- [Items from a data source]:
>>>

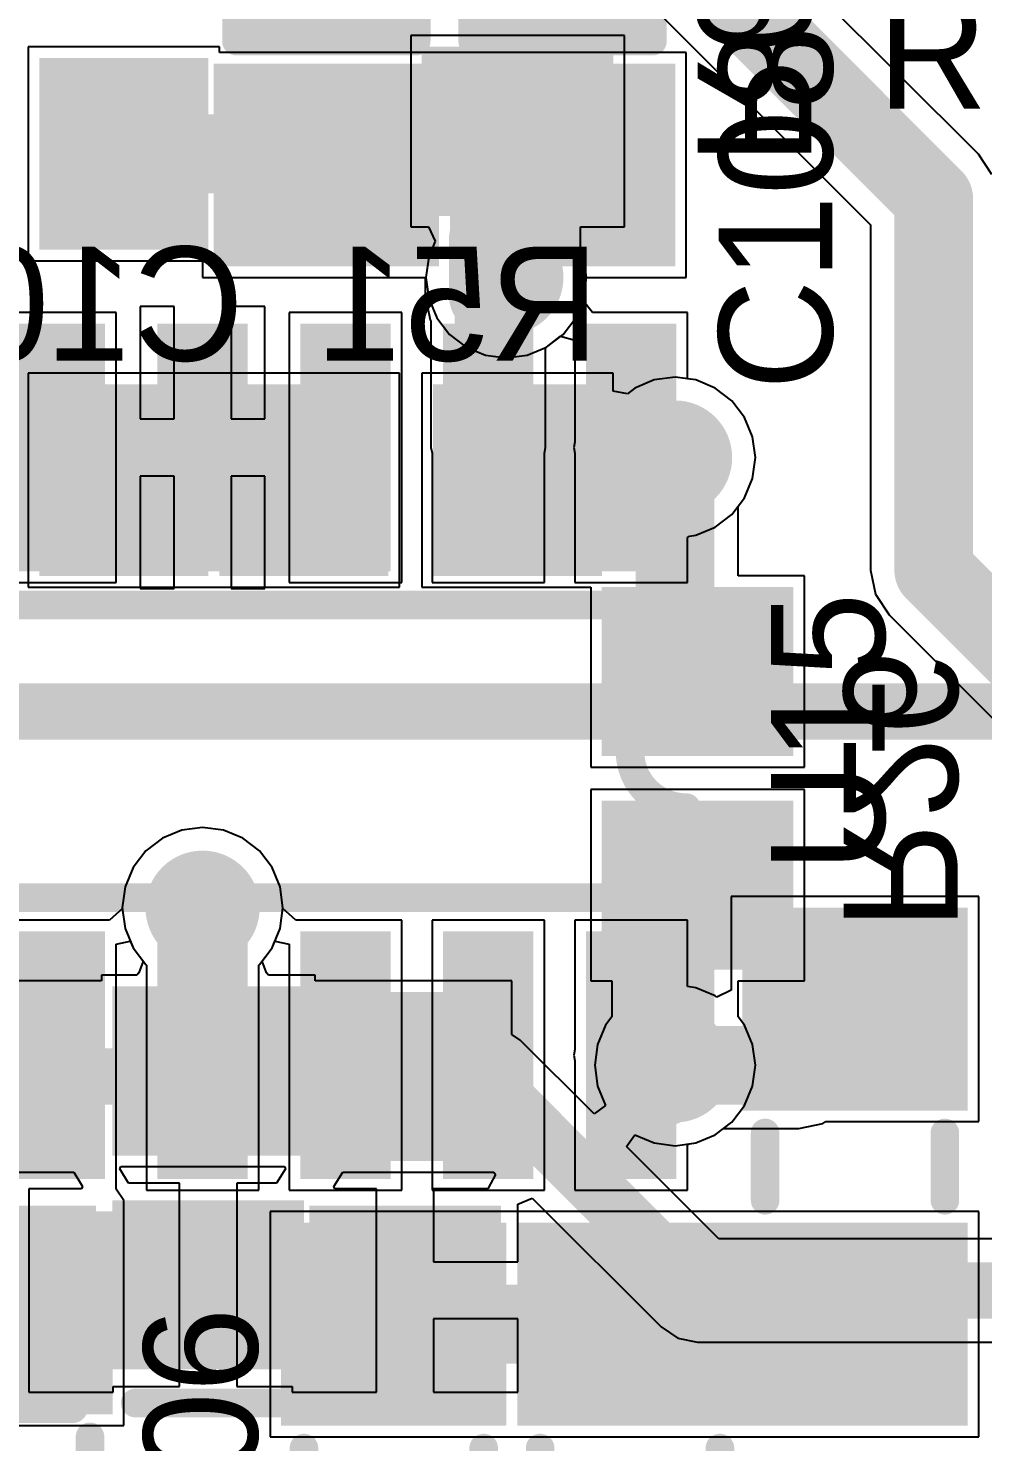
# Model space of a CAD drawing. Header units: millimetres. Extents: x 0 to 7.44, y -3.03 to 0.
# Drawn here: x 0.2539 to 0.588, y -2.4663 to -1.9718 of the extents above; entities that cross this region are included whole.
import ezdxf

# ---------------------------------------------------------------- set-up
doc = ezdxf.new("R2010")
doc.units = ezdxf.units.MM
doc.header["$MEASUREMENT"] = 0
for name, color, linetype in [('BottomLayer', 5, 'Continuous'), ('BottomOverlay', 54, 'Continuous'), ('BottomPaste', 16, 'Continuous'), ('BottomSolder', 6, 'Continuous'), ('MidLayer1', 16, 'Continuous'), ('MidLayer2', 76, 'Continuous'), ('MultiLayer', 9, 'Continuous'), ('TopLayer', 1, 'Continuous'), ('TopOverlay', 2, 'Continuous'), ('TopPaste', 8, 'Continuous'), ('TopSolder', 216, 'Continuous'), ('ViaHoleLayer', 16, 'Continuous')]:
    doc.layers.add(name, color=color, linetype=linetype)

# ---------------------------------------------------------------- blocks, each defined once
blk = doc.blocks.new('OPA2674I_69')
at = {"layer": 'TopLayer'}
for points in [[(-0.14567, 0.13819), (-0.06693, 0.13819), (-0.14567, 0.16181), (-0.06693, 0.16181)], [(0.06693, 0.13819), (0.14567, 0.13819), (0.06693, 0.16181), (0.14567, 0.16181)], [(-0.14567, 0.08819), (-0.06693, 0.08819), (-0.14567, 0.11181), (-0.06693, 0.11181)], [(0.06693, 0.08819), (0.14567, 0.08819), (0.06693, 0.11181), (0.14567, 0.11181)], [(-0.14567, 0.03819), (-0.06693, 0.03819), (-0.14567, 0.06181), (-0.06693, 0.06181)], [(0.06693, 0.03819), (0.14567, 0.03819), (0.06693, 0.06181), (0.14567, 0.06181)], [(-0.14567, -0.01181), (-0.06693, -0.01181), (-0.14567, 0.01181), (-0.06693, 0.01181)], [(0.06693, -0.01181), (0.14567, -0.01181), (0.06693, 0.01181), (0.14567, 0.01181)], [(-0.14567, -0.06181), (-0.06693, -0.06181), (-0.14567, -0.03819), (-0.06693, -0.03819)], [(0.06693, -0.06181), (0.14567, -0.06181), (0.06693, -0.03819), (0.14567, -0.03819)], [(-0.14567, -0.11181), (-0.06693, -0.11181), (-0.14567, -0.08819), (-0.06693, -0.08819)], [(0.06693, -0.11181), (0.14567, -0.11181), (0.06693, -0.08819), (0.14567, -0.08819)], [(-0.14567, -0.16181), (-0.06693, -0.16181), (-0.14567, -0.13819), (-0.06693, -0.13819)], [(0.06693, -0.16181), (0.14567, -0.16181), (0.06693, -0.13819), (0.14567, -0.13819)]]:
    blk.add_solid(points, dxfattribs=at)
at = {"layer": 'TopOverlay', "const_width": 0.01}
for points in [[(-0.01969, 0.1693), (-0.05119, 0.1693)], [(-0.05119, -0.1693), (-0.05119, 0.1693)], [(0.05119, 0.1693), (0.01969, 0.1693)], [(0.05119, -0.1693), (0.05119, 0.1693)], [(0.05119, -0.1693), (-0.05119, -0.1693)]]:
    blk.add_lwpolyline(points, dxfattribs=at)
at = {"layer": 'TopOverlay', "const_width": 0.005}
for points in [[(-0.05369, 0.1693, 1), (-0.04869, 0.1693, 1)], [(-0.05369, 0.1693, 1), (-0.04869, 0.1693, 1)], [(-0.02219, 0.1693, 1), (-0.01719, 0.1693, 1)], [(-0.02219, 0.16928, 1), (-0.01719, 0.16928, 1)], [(0.01719, 0.1693, 1), (0.02219, 0.1693, 1)], [(0.01719, 0.16928, 1), (0.02219, 0.16928, 1)], [(0.04869, 0.1693, 1), (0.05369, 0.1693, 1)], [(0.04869, 0.1693, 1), (0.05369, 0.1693, 1)], [(-0.05369, -0.1693, 1), (-0.04869, -0.1693, 1)], [(-0.05369, -0.1693, 1), (-0.04869, -0.1693, 1)], [(0.04869, -0.1693, 1), (0.05369, -0.1693, 1)], [(0.04869, -0.1693, 1), (0.05369, -0.1693, 1)]]:
    blk.add_lwpolyline(points, format="xyb", close=True, dxfattribs=at)
at = {"layer": 'TopOverlay', "const_width": 0.01}
blk.add_lwpolyline([(0.01969, 0.16928, -1), (-0.01969, 0.16928)], format="xyb", dxfattribs=at)
at = {"layer": 'TopPaste'}
for points in [[(-0.14567, 0.13819), (-0.06693, 0.13819), (-0.14567, 0.16181), (-0.06693, 0.16181)], [(0.06693, 0.13819), (0.14567, 0.13819), (0.06693, 0.16181), (0.14567, 0.16181)], [(-0.14567, 0.08819), (-0.06693, 0.08819), (-0.14567, 0.11181), (-0.06693, 0.11181)], [(0.06693, 0.08819), (0.14567, 0.08819), (0.06693, 0.11181), (0.14567, 0.11181)], [(-0.14567, 0.03819), (-0.06693, 0.03819), (-0.14567, 0.06181), (-0.06693, 0.06181)], [(0.06693, 0.03819), (0.14567, 0.03819), (0.06693, 0.06181), (0.14567, 0.06181)], [(-0.14567, -0.01181), (-0.06693, -0.01181), (-0.14567, 0.01181), (-0.06693, 0.01181)], [(0.06693, -0.01181), (0.14567, -0.01181), (0.06693, 0.01181), (0.14567, 0.01181)], [(-0.14567, -0.06181), (-0.06693, -0.06181), (-0.14567, -0.03819), (-0.06693, -0.03819)], [(0.06693, -0.06181), (0.14567, -0.06181), (0.06693, -0.03819), (0.14567, -0.03819)], [(-0.14567, -0.11181), (-0.06693, -0.11181), (-0.14567, -0.08819), (-0.06693, -0.08819)], [(0.06693, -0.11181), (0.14567, -0.11181), (0.06693, -0.08819), (0.14567, -0.08819)], [(-0.14567, -0.16181), (-0.06693, -0.16181), (-0.14567, -0.13819), (-0.06693, -0.13819)], [(0.06693, -0.16181), (0.14567, -0.16181), (0.06693, -0.13819), (0.14567, -0.13819)]]:
    blk.add_solid(points, dxfattribs=at)
at = {"layer": 'TopSolder'}
for points in [[(-0.14967, 0.13419), (-0.06293, 0.13419), (-0.14967, 0.16581), (-0.06293, 0.16581)], [(0.06293, 0.13419), (0.14967, 0.13419), (0.06293, 0.16581), (0.14967, 0.16581)], [(-0.14967, 0.08419), (-0.06293, 0.08419), (-0.14967, 0.11581), (-0.06293, 0.11581)], [(0.06293, 0.08419), (0.14967, 0.08419), (0.06293, 0.11581), (0.14967, 0.11581)], [(-0.14967, 0.03419), (-0.06293, 0.03419), (-0.14967, 0.06581), (-0.06293, 0.06581)], [(0.06293, 0.03419), (0.14967, 0.03419), (0.06293, 0.06581), (0.14967, 0.06581)], [(-0.14967, -0.01581), (-0.06293, -0.01581), (-0.14967, 0.01581), (-0.06293, 0.01581)], [(0.06293, -0.01581), (0.14967, -0.01581), (0.06293, 0.01581), (0.14967, 0.01581)], [(-0.14967, -0.06581), (-0.06293, -0.06581), (-0.14967, -0.03419), (-0.06293, -0.03419)], [(0.06293, -0.06581), (0.14967, -0.06581), (0.06293, -0.03419), (0.14967, -0.03419)], [(-0.14967, -0.11581), (-0.06293, -0.11581), (-0.14967, -0.08419), (-0.06293, -0.08419)], [(0.06293, -0.11581), (0.14967, -0.11581), (0.06293, -0.08419), (0.14967, -0.08419)], [(-0.14967, -0.16581), (-0.06293, -0.16581), (-0.14967, -0.13419), (-0.06293, -0.13419)], [(0.06293, -0.16581), (0.14967, -0.16581), (0.06293, -0.13419), (0.14967, -0.13419)]]:
    blk.add_solid(points, dxfattribs=at)
blk = doc.blocks.new('RES_0805_B_71')
at = {"layer": 'BottomLayer'}
for points in [[(-0.06299, -0.02953), (-0.01181, -0.02953), (-0.06299, 0.02953), (-0.01181, 0.02953)], [(0.01181, -0.02953), (0.06299, -0.02953), (0.01181, 0.02953), (0.06299, 0.02953)]]:
    blk.add_solid(points, dxfattribs=at)
at = {"layer": 'BottomPaste'}
for points in [[(-0.06299, -0.02953), (-0.01181, -0.02953), (-0.06299, 0.02953), (-0.01181, 0.02953)], [(0.01181, -0.02953), (0.06299, -0.02953), (0.01181, 0.02953), (0.06299, 0.02953)]]:
    blk.add_solid(points, dxfattribs=at)
at = {"layer": 'BottomSolder'}
for points in [[(-0.06699, -0.03353), (-0.00781, -0.03353), (-0.06699, 0.03353), (-0.00781, 0.03353)], [(0.00781, -0.03353), (0.06699, -0.03353), (0.00781, 0.03353), (0.06699, 0.03353)]]:
    blk.add_solid(points, dxfattribs=at)
blk = doc.blocks.new('CAP_0805_B_72')
at = {"layer": 'BottomLayer'}
for points in [[(-0.05511, -0.02953), (-0.00393, -0.02953), (-0.05511, 0.02953), (-0.00393, 0.02953)], [(0.0197, -0.02953), (0.07088, -0.02953), (0.0197, 0.02953), (0.07088, 0.02953)]]:
    blk.add_solid(points, dxfattribs=at)
at = {"layer": 'BottomOverlay', "const_width": 0.01}
blk.add_lwpolyline([(-0.07088, 0.02557), (-0.07088, -0.02557)], dxfattribs=at)
at = {"layer": 'BottomOverlay', "const_width": 0.005}
for points in [[(-0.07338, 0.02557, 1), (-0.06838, 0.02557, 1)], [(-0.07338, -0.02557, 1), (-0.06838, -0.02557, 1)]]:
    blk.add_lwpolyline(points, format="xyb", close=True, dxfattribs=at)
at = {"layer": 'BottomPaste'}
for points in [[(-0.05511, -0.02953), (-0.00393, -0.02953), (-0.05511, 0.02953), (-0.00393, 0.02953)], [(0.0197, -0.02953), (0.07088, -0.02953), (0.0197, 0.02953), (0.07088, 0.02953)]]:
    blk.add_solid(points, dxfattribs=at)
at = {"layer": 'BottomSolder'}
for points in [[(-0.05911, -0.03353), (0.00007, -0.03353), (-0.05911, 0.03353), (0.00007, 0.03353)], [(0.0157, -0.03353), (0.07488, -0.03353), (0.0157, 0.03353), (0.07488, 0.03353)]]:
    blk.add_solid(points, dxfattribs=at)
blk = doc.blocks.new('CAP_1206_140')
at = {"layer": 'TopLayer'}
for points in [[(-0.08661, -0.03543), (-0.02362, -0.03543), (-0.08661, 0.03543), (-0.02362, 0.03543)], [(0.02362, -0.03543), (0.08661, -0.03543), (0.02362, 0.03543), (0.08661, 0.03543)]]:
    blk.add_solid(points, dxfattribs=at)
at = {"layer": 'TopOverlay', "const_width": 0.01}
for points in [[(-0.01178, 0.03146), (0.01178, 0.03146)], [(-0.01178, 0.03146), (-0.01178, -0.03146)], [(-0.00433, 0.03146), (-0.00433, -0.03146)], [(-0.01178, -0.03146), (0.01178, -0.03146)]]:
    blk.add_lwpolyline(points, dxfattribs=at)
at = {"layer": 'TopOverlay', "const_width": 0.005}
for points in [[(-0.01428, 0.03146, 1), (-0.00928, 0.03146, 1)], [(-0.01428, 0.03146, 1), (-0.00928, 0.03146, 1)], [(-0.00683, 0.03146, 1), (-0.00183, 0.03146, 1)], [(0.00928, 0.03146, 1), (0.01428, 0.03146, 1)], [(-0.01428, -0.03146, 1), (-0.00928, -0.03146, 1)], [(-0.01428, -0.03146, 1), (-0.00928, -0.03146, 1)], [(-0.00683, -0.03146, 1), (-0.00183, -0.03146, 1)], [(0.00928, -0.03146, 1), (0.01428, -0.03146, 1)]]:
    blk.add_lwpolyline(points, format="xyb", close=True, dxfattribs=at)
at = {"layer": 'TopPaste'}
for points in [[(-0.08661, -0.03543), (-0.02362, -0.03543), (-0.08661, 0.03543), (-0.02362, 0.03543)], [(0.02362, -0.03543), (0.08661, -0.03543), (0.02362, 0.03543), (0.08661, 0.03543)]]:
    blk.add_solid(points, dxfattribs=at)
at = {"layer": 'TopSolder'}
for points in [[(-0.09061, -0.03943), (-0.01962, -0.03943), (-0.09061, 0.03943), (-0.01962, 0.03943)], [(0.01962, -0.03943), (0.09061, -0.03943), (0.01962, 0.03943), (0.09061, 0.03943)]]:
    blk.add_solid(points, dxfattribs=at)
blk = doc.blocks.new('CAP_1206_143')
at = {"layer": 'TopLayer'}
for points in [[(-0.08661, -0.03543), (-0.02362, -0.03543), (-0.08661, 0.03543), (-0.02362, 0.03543)], [(0.02362, -0.03543), (0.08661, -0.03543), (0.02362, 0.03543), (0.08661, 0.03543)]]:
    blk.add_solid(points, dxfattribs=at)
at = {"layer": 'TopOverlay', "const_width": 0.01}
for points in [[(-0.01178, 0.03146), (0.01178, 0.03146)], [(-0.01178, 0.03146), (-0.01178, -0.03146)], [(-0.00433, 0.03146), (-0.00433, -0.03146)], [(-0.01178, -0.03146), (0.01178, -0.03146)]]:
    blk.add_lwpolyline(points, dxfattribs=at)
at = {"layer": 'TopOverlay', "const_width": 0.005}
for points in [[(-0.01428, 0.03146, 1), (-0.00928, 0.03146, 1)], [(-0.01428, 0.03146, 1), (-0.00928, 0.03146, 1)], [(-0.00683, 0.03146, 1), (-0.00183, 0.03146, 1)], [(0.00928, 0.03146, 1), (0.01428, 0.03146, 1)], [(-0.01428, -0.03146, 1), (-0.00928, -0.03146, 1)], [(-0.01428, -0.03146, 1), (-0.00928, -0.03146, 1)], [(-0.00683, -0.03146, 1), (-0.00183, -0.03146, 1)], [(0.00928, -0.03146, 1), (0.01428, -0.03146, 1)]]:
    blk.add_lwpolyline(points, format="xyb", close=True, dxfattribs=at)
at = {"layer": 'TopPaste'}
for points in [[(-0.08661, -0.03543), (-0.02362, -0.03543), (-0.08661, 0.03543), (-0.02362, 0.03543)], [(0.02362, -0.03543), (0.08661, -0.03543), (0.02362, 0.03543), (0.08661, 0.03543)]]:
    blk.add_solid(points, dxfattribs=at)
at = {"layer": 'TopSolder'}
for points in [[(-0.09061, -0.03943), (-0.01962, -0.03943), (-0.09061, 0.03943), (-0.01962, 0.03943)], [(0.01962, -0.03943), (0.09061, -0.03943), (0.01962, 0.03943), (0.09061, 0.03943)]]:
    blk.add_solid(points, dxfattribs=at)
blk = doc.blocks.new('CAP_1206_144')
at = {"layer": 'TopLayer'}
for points in [[(-0.08661, -0.03543), (-0.02362, -0.03543), (-0.08661, 0.03543), (-0.02362, 0.03543)], [(0.02362, -0.03543), (0.08661, -0.03543), (0.02362, 0.03543), (0.08661, 0.03543)]]:
    blk.add_solid(points, dxfattribs=at)
at = {"layer": 'TopOverlay', "const_width": 0.01}
for points in [[(-0.01178, 0.03146), (0.01178, 0.03146)], [(-0.01178, 0.03146), (-0.01178, -0.03146)], [(-0.00433, 0.03146), (-0.00433, -0.03146)], [(-0.01178, -0.03146), (0.01178, -0.03146)]]:
    blk.add_lwpolyline(points, dxfattribs=at)
at = {"layer": 'TopOverlay', "const_width": 0.005}
for points in [[(-0.01428, 0.03146, 1), (-0.00928, 0.03146, 1)], [(-0.01428, 0.03146, 1), (-0.00928, 0.03146, 1)], [(-0.00683, 0.03146, 1), (-0.00183, 0.03146, 1)], [(0.00928, 0.03146, 1), (0.01428, 0.03146, 1)], [(-0.01428, -0.03146, 1), (-0.00928, -0.03146, 1)], [(-0.01428, -0.03146, 1), (-0.00928, -0.03146, 1)], [(-0.00683, -0.03146, 1), (-0.00183, -0.03146, 1)], [(0.00928, -0.03146, 1), (0.01428, -0.03146, 1)]]:
    blk.add_lwpolyline(points, format="xyb", close=True, dxfattribs=at)
at = {"layer": 'TopPaste'}
for points in [[(-0.08661, -0.03543), (-0.02362, -0.03543), (-0.08661, 0.03543), (-0.02362, 0.03543)], [(0.02362, -0.03543), (0.08661, -0.03543), (0.02362, 0.03543), (0.08661, 0.03543)]]:
    blk.add_solid(points, dxfattribs=at)
at = {"layer": 'TopSolder'}
for points in [[(-0.09061, -0.03943), (-0.01962, -0.03943), (-0.09061, 0.03943), (-0.01962, 0.03943)], [(0.01962, -0.03943), (0.09061, -0.03943), (0.01962, 0.03943), (0.09061, 0.03943)]]:
    blk.add_solid(points, dxfattribs=at)
blk = doc.blocks.new('RES_0805_172')
at = {"layer": 'TopLayer'}
for points in [[(-0.06299, -0.02953), (-0.01181, -0.02953), (-0.06299, 0.02953), (-0.01181, 0.02953)], [(0.01181, -0.02953), (0.06299, -0.02953), (0.01181, 0.02953), (0.06299, 0.02953)]]:
    blk.add_solid(points, dxfattribs=at)
at = {"layer": 'TopPaste'}
for points in [[(-0.06299, -0.02953), (-0.01181, -0.02953), (-0.06299, 0.02953), (-0.01181, 0.02953)], [(0.01181, -0.02953), (0.06299, -0.02953), (0.01181, 0.02953), (0.06299, 0.02953)]]:
    blk.add_solid(points, dxfattribs=at)
at = {"layer": 'TopSolder'}
for points in [[(-0.06699, -0.03353), (-0.00781, -0.03353), (-0.06699, 0.03353), (-0.00781, 0.03353)], [(0.00781, -0.03353), (0.06699, -0.03353), (0.00781, 0.03353), (0.06699, 0.03353)]]:
    blk.add_solid(points, dxfattribs=at)
blk = doc.blocks.new('CAP_0805_B_173')
at = {"layer": 'BottomLayer'}
for points in [[(-0.05511, -0.02953), (-0.00393, -0.02953), (-0.05511, 0.02953), (-0.00393, 0.02953)], [(0.0197, -0.02953), (0.07088, -0.02953), (0.0197, 0.02953), (0.07088, 0.02953)]]:
    blk.add_solid(points, dxfattribs=at)
at = {"layer": 'BottomOverlay', "const_width": 0.01}
blk.add_lwpolyline([(-0.07088, -0.02557), (-0.07088, 0.02557)], dxfattribs=at)
at = {"layer": 'BottomOverlay', "const_width": 0.005}
for points in [[(-0.07338, 0.02557, 1), (-0.06838, 0.02557, 1)], [(-0.07338, -0.02557, 1), (-0.06838, -0.02557, 1)]]:
    blk.add_lwpolyline(points, format="xyb", close=True, dxfattribs=at)
at = {"layer": 'BottomPaste'}
for points in [[(-0.05511, -0.02953), (-0.00393, -0.02953), (-0.05511, 0.02953), (-0.00393, 0.02953)], [(0.0197, -0.02953), (0.07088, -0.02953), (0.0197, 0.02953), (0.07088, 0.02953)]]:
    blk.add_solid(points, dxfattribs=at)
at = {"layer": 'BottomSolder'}
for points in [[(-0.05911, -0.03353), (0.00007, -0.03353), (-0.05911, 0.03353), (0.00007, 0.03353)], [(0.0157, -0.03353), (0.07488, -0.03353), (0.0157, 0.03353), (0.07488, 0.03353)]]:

<<<

- [REQUIRED ACTION]:
The lines to be transcribed are those from the first line of the data above through the line holding "doc.layers.add(name, color=color, linetype=linetype)", inclusive; copy them exactly and only, leaving out the pictures.

- [SOLUTION TO THE EXERCISE]:
# Model space of a CAD drawing. Header units: millimetres. Extents: x 0 to 7.44, y -3.03 to 0.
# Drawn here: x 0.2539 to 0.588, y -2.4663 to -1.9718 of the extents above; entities that cross this region are included whole.
import ezdxf

# ---------------------------------------------------------------- set-up
doc = ezdxf.new("R2010")
doc.units = ezdxf.units.MM
doc.header["$MEASUREMENT"] = 0
for name, color, linetype in [('BottomLayer', 5, 'Continuous'), ('BottomOverlay', 54, 'Continuous'), ('BottomPaste', 16, 'Continuous'), ('BottomSolder', 6, 'Continuous'), ('MidLayer1', 16, 'Continuous'), ('MidLayer2', 76, 'Continuous'), ('MultiLayer', 9, 'Continuous'), ('TopLayer', 1, 'Continuous'), ('TopOverlay', 2, 'Continuous'), ('TopPaste', 8, 'Continuous'), ('TopSolder', 216, 'Continuous'), ('ViaHoleLayer', 16, 'Continuous')]:
    doc.layers.add(name, color=color, linetype=linetype)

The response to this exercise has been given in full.